Suppose we execute the following update query that will store the birth date of the Beatles’ members in Stardog natively:
INSERT DATA {
:Artist1 :birthDate "1940-10-09"^^xsd:date .
:Artist2 :birthDate "1942-06-18"^^xsd:date .
:Artist3 :birthDate "1940-07-07"^^xsd:date .
:Artist4 :birthDate "1943-02-25"^^xsd:date .
}
We can write a query that will combine the data from the virtual graph with the birthdate nodes and edges stored directly in Stardog.

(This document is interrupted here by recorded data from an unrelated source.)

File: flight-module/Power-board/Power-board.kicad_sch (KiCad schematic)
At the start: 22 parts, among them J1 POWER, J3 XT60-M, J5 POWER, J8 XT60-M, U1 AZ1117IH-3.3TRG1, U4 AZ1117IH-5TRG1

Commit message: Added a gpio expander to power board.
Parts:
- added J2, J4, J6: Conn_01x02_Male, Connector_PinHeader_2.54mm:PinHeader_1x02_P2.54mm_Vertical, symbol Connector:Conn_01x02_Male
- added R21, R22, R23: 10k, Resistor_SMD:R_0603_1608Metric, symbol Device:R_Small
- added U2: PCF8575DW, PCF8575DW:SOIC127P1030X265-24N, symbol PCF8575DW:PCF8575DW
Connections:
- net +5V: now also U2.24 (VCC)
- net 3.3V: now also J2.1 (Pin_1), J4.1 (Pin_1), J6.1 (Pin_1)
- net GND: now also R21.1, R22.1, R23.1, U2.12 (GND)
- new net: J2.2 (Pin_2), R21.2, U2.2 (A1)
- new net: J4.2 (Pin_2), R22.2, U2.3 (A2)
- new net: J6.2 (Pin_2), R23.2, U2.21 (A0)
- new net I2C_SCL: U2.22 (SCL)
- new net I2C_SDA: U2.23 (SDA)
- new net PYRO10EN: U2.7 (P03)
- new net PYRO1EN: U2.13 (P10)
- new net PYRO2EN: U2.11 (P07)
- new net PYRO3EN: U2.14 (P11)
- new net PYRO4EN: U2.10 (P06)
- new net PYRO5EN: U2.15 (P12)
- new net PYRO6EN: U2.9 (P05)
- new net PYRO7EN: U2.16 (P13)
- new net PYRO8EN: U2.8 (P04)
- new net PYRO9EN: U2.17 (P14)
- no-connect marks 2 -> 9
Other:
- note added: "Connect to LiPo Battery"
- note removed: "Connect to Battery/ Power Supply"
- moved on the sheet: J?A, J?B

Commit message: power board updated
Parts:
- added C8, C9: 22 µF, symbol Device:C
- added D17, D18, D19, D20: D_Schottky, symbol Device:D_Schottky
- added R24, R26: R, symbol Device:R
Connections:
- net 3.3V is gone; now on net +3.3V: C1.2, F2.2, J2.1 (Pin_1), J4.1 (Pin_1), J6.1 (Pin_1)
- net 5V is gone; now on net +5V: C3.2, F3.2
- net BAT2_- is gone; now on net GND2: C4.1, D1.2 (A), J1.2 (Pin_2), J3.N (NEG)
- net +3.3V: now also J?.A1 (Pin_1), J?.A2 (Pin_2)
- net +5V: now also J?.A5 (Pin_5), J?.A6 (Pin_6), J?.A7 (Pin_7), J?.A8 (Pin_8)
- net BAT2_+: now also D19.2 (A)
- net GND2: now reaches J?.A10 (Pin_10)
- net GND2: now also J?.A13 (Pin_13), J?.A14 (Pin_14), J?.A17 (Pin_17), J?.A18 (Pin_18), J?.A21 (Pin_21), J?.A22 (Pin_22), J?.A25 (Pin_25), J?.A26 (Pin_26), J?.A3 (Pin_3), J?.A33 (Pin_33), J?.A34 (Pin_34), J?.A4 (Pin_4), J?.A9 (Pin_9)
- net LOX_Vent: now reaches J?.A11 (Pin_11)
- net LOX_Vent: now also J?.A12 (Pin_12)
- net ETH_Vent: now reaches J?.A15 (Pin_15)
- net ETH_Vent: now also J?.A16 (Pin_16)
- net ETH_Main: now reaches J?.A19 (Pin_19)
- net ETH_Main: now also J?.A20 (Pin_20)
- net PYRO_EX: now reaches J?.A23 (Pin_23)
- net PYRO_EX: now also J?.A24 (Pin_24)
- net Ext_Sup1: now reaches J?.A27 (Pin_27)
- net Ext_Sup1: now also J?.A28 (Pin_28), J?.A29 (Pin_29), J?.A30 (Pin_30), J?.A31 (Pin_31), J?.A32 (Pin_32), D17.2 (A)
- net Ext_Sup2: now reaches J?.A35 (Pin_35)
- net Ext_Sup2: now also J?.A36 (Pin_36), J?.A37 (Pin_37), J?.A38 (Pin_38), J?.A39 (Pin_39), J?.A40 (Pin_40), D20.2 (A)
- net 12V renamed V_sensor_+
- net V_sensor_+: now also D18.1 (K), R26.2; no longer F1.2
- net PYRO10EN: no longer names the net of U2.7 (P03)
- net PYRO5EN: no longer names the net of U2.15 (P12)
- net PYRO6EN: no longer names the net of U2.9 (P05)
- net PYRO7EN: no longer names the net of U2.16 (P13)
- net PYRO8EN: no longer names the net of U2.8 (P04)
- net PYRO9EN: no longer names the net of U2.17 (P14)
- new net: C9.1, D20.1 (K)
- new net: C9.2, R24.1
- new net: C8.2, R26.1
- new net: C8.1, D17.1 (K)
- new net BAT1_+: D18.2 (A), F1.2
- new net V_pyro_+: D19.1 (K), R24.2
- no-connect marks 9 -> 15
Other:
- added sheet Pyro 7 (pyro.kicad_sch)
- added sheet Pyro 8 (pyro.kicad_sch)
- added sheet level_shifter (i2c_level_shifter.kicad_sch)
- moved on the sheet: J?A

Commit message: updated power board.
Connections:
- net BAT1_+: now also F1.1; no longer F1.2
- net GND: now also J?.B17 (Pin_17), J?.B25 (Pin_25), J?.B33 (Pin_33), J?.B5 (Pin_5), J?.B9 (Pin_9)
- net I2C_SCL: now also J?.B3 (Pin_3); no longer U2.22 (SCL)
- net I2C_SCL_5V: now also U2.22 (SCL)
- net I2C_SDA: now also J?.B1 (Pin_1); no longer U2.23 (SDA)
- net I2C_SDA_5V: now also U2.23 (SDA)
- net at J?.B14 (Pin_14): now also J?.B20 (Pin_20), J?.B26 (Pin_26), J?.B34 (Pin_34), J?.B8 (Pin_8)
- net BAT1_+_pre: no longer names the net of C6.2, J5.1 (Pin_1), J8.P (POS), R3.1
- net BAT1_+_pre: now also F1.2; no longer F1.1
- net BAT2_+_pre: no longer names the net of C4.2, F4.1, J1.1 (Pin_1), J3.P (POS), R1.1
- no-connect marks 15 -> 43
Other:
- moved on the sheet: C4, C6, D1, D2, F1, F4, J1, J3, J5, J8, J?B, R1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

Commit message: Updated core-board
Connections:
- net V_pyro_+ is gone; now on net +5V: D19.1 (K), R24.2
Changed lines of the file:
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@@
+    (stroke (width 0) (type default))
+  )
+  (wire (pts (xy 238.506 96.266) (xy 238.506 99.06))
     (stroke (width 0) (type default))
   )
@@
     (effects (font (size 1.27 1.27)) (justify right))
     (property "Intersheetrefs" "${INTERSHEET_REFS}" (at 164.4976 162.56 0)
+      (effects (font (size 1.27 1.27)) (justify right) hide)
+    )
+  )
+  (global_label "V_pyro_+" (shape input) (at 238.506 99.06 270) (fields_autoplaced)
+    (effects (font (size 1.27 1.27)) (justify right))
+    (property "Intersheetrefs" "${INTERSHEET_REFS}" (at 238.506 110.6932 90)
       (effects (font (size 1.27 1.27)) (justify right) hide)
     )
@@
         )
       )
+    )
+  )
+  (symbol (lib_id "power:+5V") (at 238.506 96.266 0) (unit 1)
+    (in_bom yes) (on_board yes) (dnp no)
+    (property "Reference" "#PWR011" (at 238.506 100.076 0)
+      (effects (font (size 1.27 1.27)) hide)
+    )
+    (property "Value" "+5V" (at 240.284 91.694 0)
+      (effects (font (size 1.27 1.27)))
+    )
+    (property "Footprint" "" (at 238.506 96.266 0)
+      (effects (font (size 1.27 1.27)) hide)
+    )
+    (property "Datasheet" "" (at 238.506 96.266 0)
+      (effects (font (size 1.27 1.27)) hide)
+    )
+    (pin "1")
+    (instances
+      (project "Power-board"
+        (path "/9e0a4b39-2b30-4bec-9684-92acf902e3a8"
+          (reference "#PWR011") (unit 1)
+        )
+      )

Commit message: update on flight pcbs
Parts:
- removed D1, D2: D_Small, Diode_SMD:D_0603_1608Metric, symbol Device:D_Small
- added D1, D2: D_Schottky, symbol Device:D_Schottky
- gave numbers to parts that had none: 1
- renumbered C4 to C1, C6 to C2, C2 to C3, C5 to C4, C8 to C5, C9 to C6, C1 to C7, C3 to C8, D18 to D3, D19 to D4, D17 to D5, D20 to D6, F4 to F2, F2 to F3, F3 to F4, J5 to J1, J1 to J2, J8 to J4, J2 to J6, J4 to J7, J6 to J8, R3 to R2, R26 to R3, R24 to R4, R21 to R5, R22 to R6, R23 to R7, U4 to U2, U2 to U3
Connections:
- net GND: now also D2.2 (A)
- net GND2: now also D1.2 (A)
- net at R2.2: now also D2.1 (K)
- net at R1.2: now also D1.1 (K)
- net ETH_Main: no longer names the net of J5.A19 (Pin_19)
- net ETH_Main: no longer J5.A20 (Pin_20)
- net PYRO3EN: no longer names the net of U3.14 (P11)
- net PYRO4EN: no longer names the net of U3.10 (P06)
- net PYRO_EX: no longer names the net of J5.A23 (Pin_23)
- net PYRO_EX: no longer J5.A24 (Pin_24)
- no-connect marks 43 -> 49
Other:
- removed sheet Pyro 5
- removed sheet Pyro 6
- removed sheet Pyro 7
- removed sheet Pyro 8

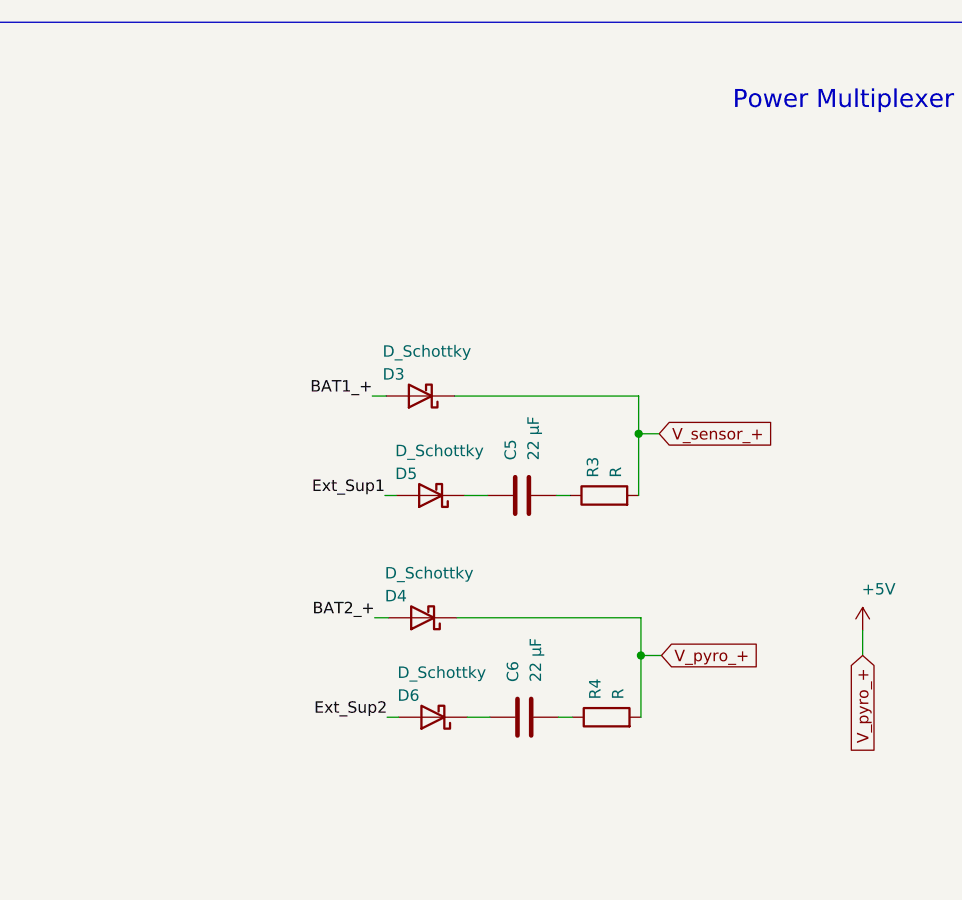
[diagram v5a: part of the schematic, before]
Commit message: Updated power mux circuit.
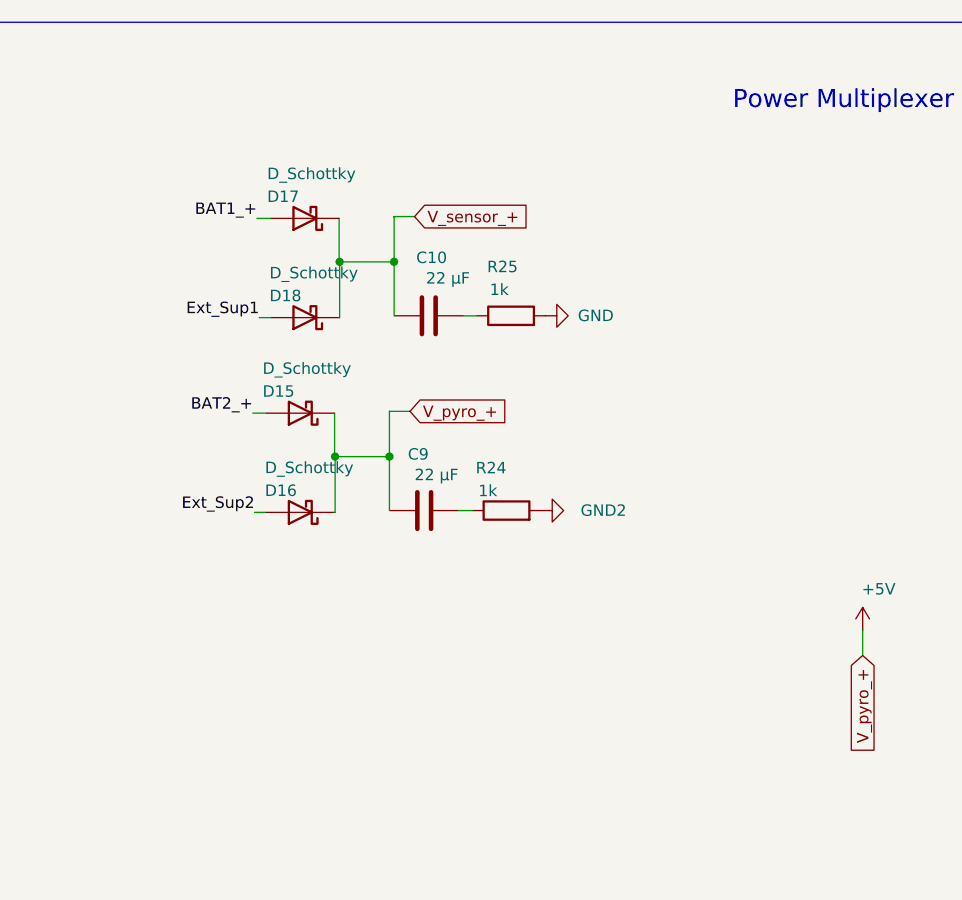
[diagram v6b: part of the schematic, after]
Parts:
- removed C5, C6: 22 µF, symbol Device:C
- removed D3, D4, D5, D6: D_Schottky, symbol Device:D_Schottky
- removed R3, R4: R, symbol Device:R
- added C10, C9: 22 µF, symbol Device:C
- added D15, D16, D17, D18: D_Schottky, symbol Device:D_Schottky
- added R24, R25: 1k, symbol Device:R
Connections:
- net +5V: now also D15.1 (K), D16.1 (K)
- net BAT1_+: now also D17.2 (A)
- net BAT2_+: now also D15.2 (A)
- net Ext_Sup1: now also D18.2 (A)
- net Ext_Sup2: now also D16.2 (A)
- net GND: now also R25.2
- net GND2: now also R24.2
- net V_sensor_+: now also D17.1 (K), D18.1 (K)
- new net: C10.2, R25.1
- new net: C9.2, R24.1

SELECT ?member ?name ?birthDate {
GRAPH <virtual://music> {
?band a :Band ;
:name "The Beatles" ;
:member ?member .
?member :name ?name .
}
?member :birthDate ?birthDate
}
In many cases the information about resources will be combined from multiple virtual and local graphs but there won’t be a shared identifier for the entities in different graphs as each data source uses different local identifiers. In this tutorial we simply reused the identifier from our single virtual graph to assert additional information manually, but in real world applications more sophisticated methods are needed to link entities from different data sources. We will discuss these techniques in a future tutorial.
We can run more complicated queries involving filters or aggregation over virtual graphs and the corresponding elements will be automatically translated to SQL by Stardog behind the scenes. For example, we can compute the number of albums released every year:
SELECT ?year (count(?album) AS ?count)
FROM <virtual://music> {
?album a :Album ;
:date ?date ;
BIND (year(?date) AS ?year)
}
GROUP By ?year
For this query we used the FROM
clause instead of the GRAPH
clause which is another way to query named graphs in SPARQL and works with virtual graphs too.
We can look at the query plan Stardog generates to see the exact SQL generated by Stardog:
$ stardog query explain music albums_by_year.sparql
...
The Query Plan:
From <virtual://music>
Projection(?year, ?count) [#1]
`─ VirtualGraphSql<virtual://music> [#1] {
+─ SELECT YEAR(`release_date`) AS `BIND_year`, COUNT(*) AS `count`
+─ FROM `Album`
+─ WHERE `release_date` IS NOT NULL
+─ GROUP BY YEAR(`release_date`)
}
As the query plan shows, Stardog pushes functions and aggregation to the SQL to execute the query efficiently.
Importing a Virtual Graph
In some cases you need to materialize the information stored in an RDBMS directly into Stardog. In one bulk operation all the contents of the relational data source can be mapped to RDF and added into the Stardog database. In some cases query performance over materialized graphs will be better as the data will be indexed locally by Stardog, but materialization may not be practical in cases where frequency of change is very high.
If the mappings for the virtual graph are already registered, then a regular SPARQL update query can be used for importing the virtual graph:
COPY <virtual://music> TO :importGraph
The COPY
query clears the contents of the target graph :importGraph
first so if the RDBMS contents change over time this command can be used to repopulate the materialized graph in the future. If the import operation will be done only once then the virtual import
command can be used to import the contents of the RDBMS into Stardog without registering the virtual graph first.
Conclusion
Stardog’s Virtual Graph capability provides extreme flexibility by exposing relational data as a graph without moving the data out of the RDBMS. In cases where this is not possible due to performance or quality of service constraints, the same logical mappings used for virtualization can be used to materialize the data in Stardog allowing users to easily switch between two different modes of operation.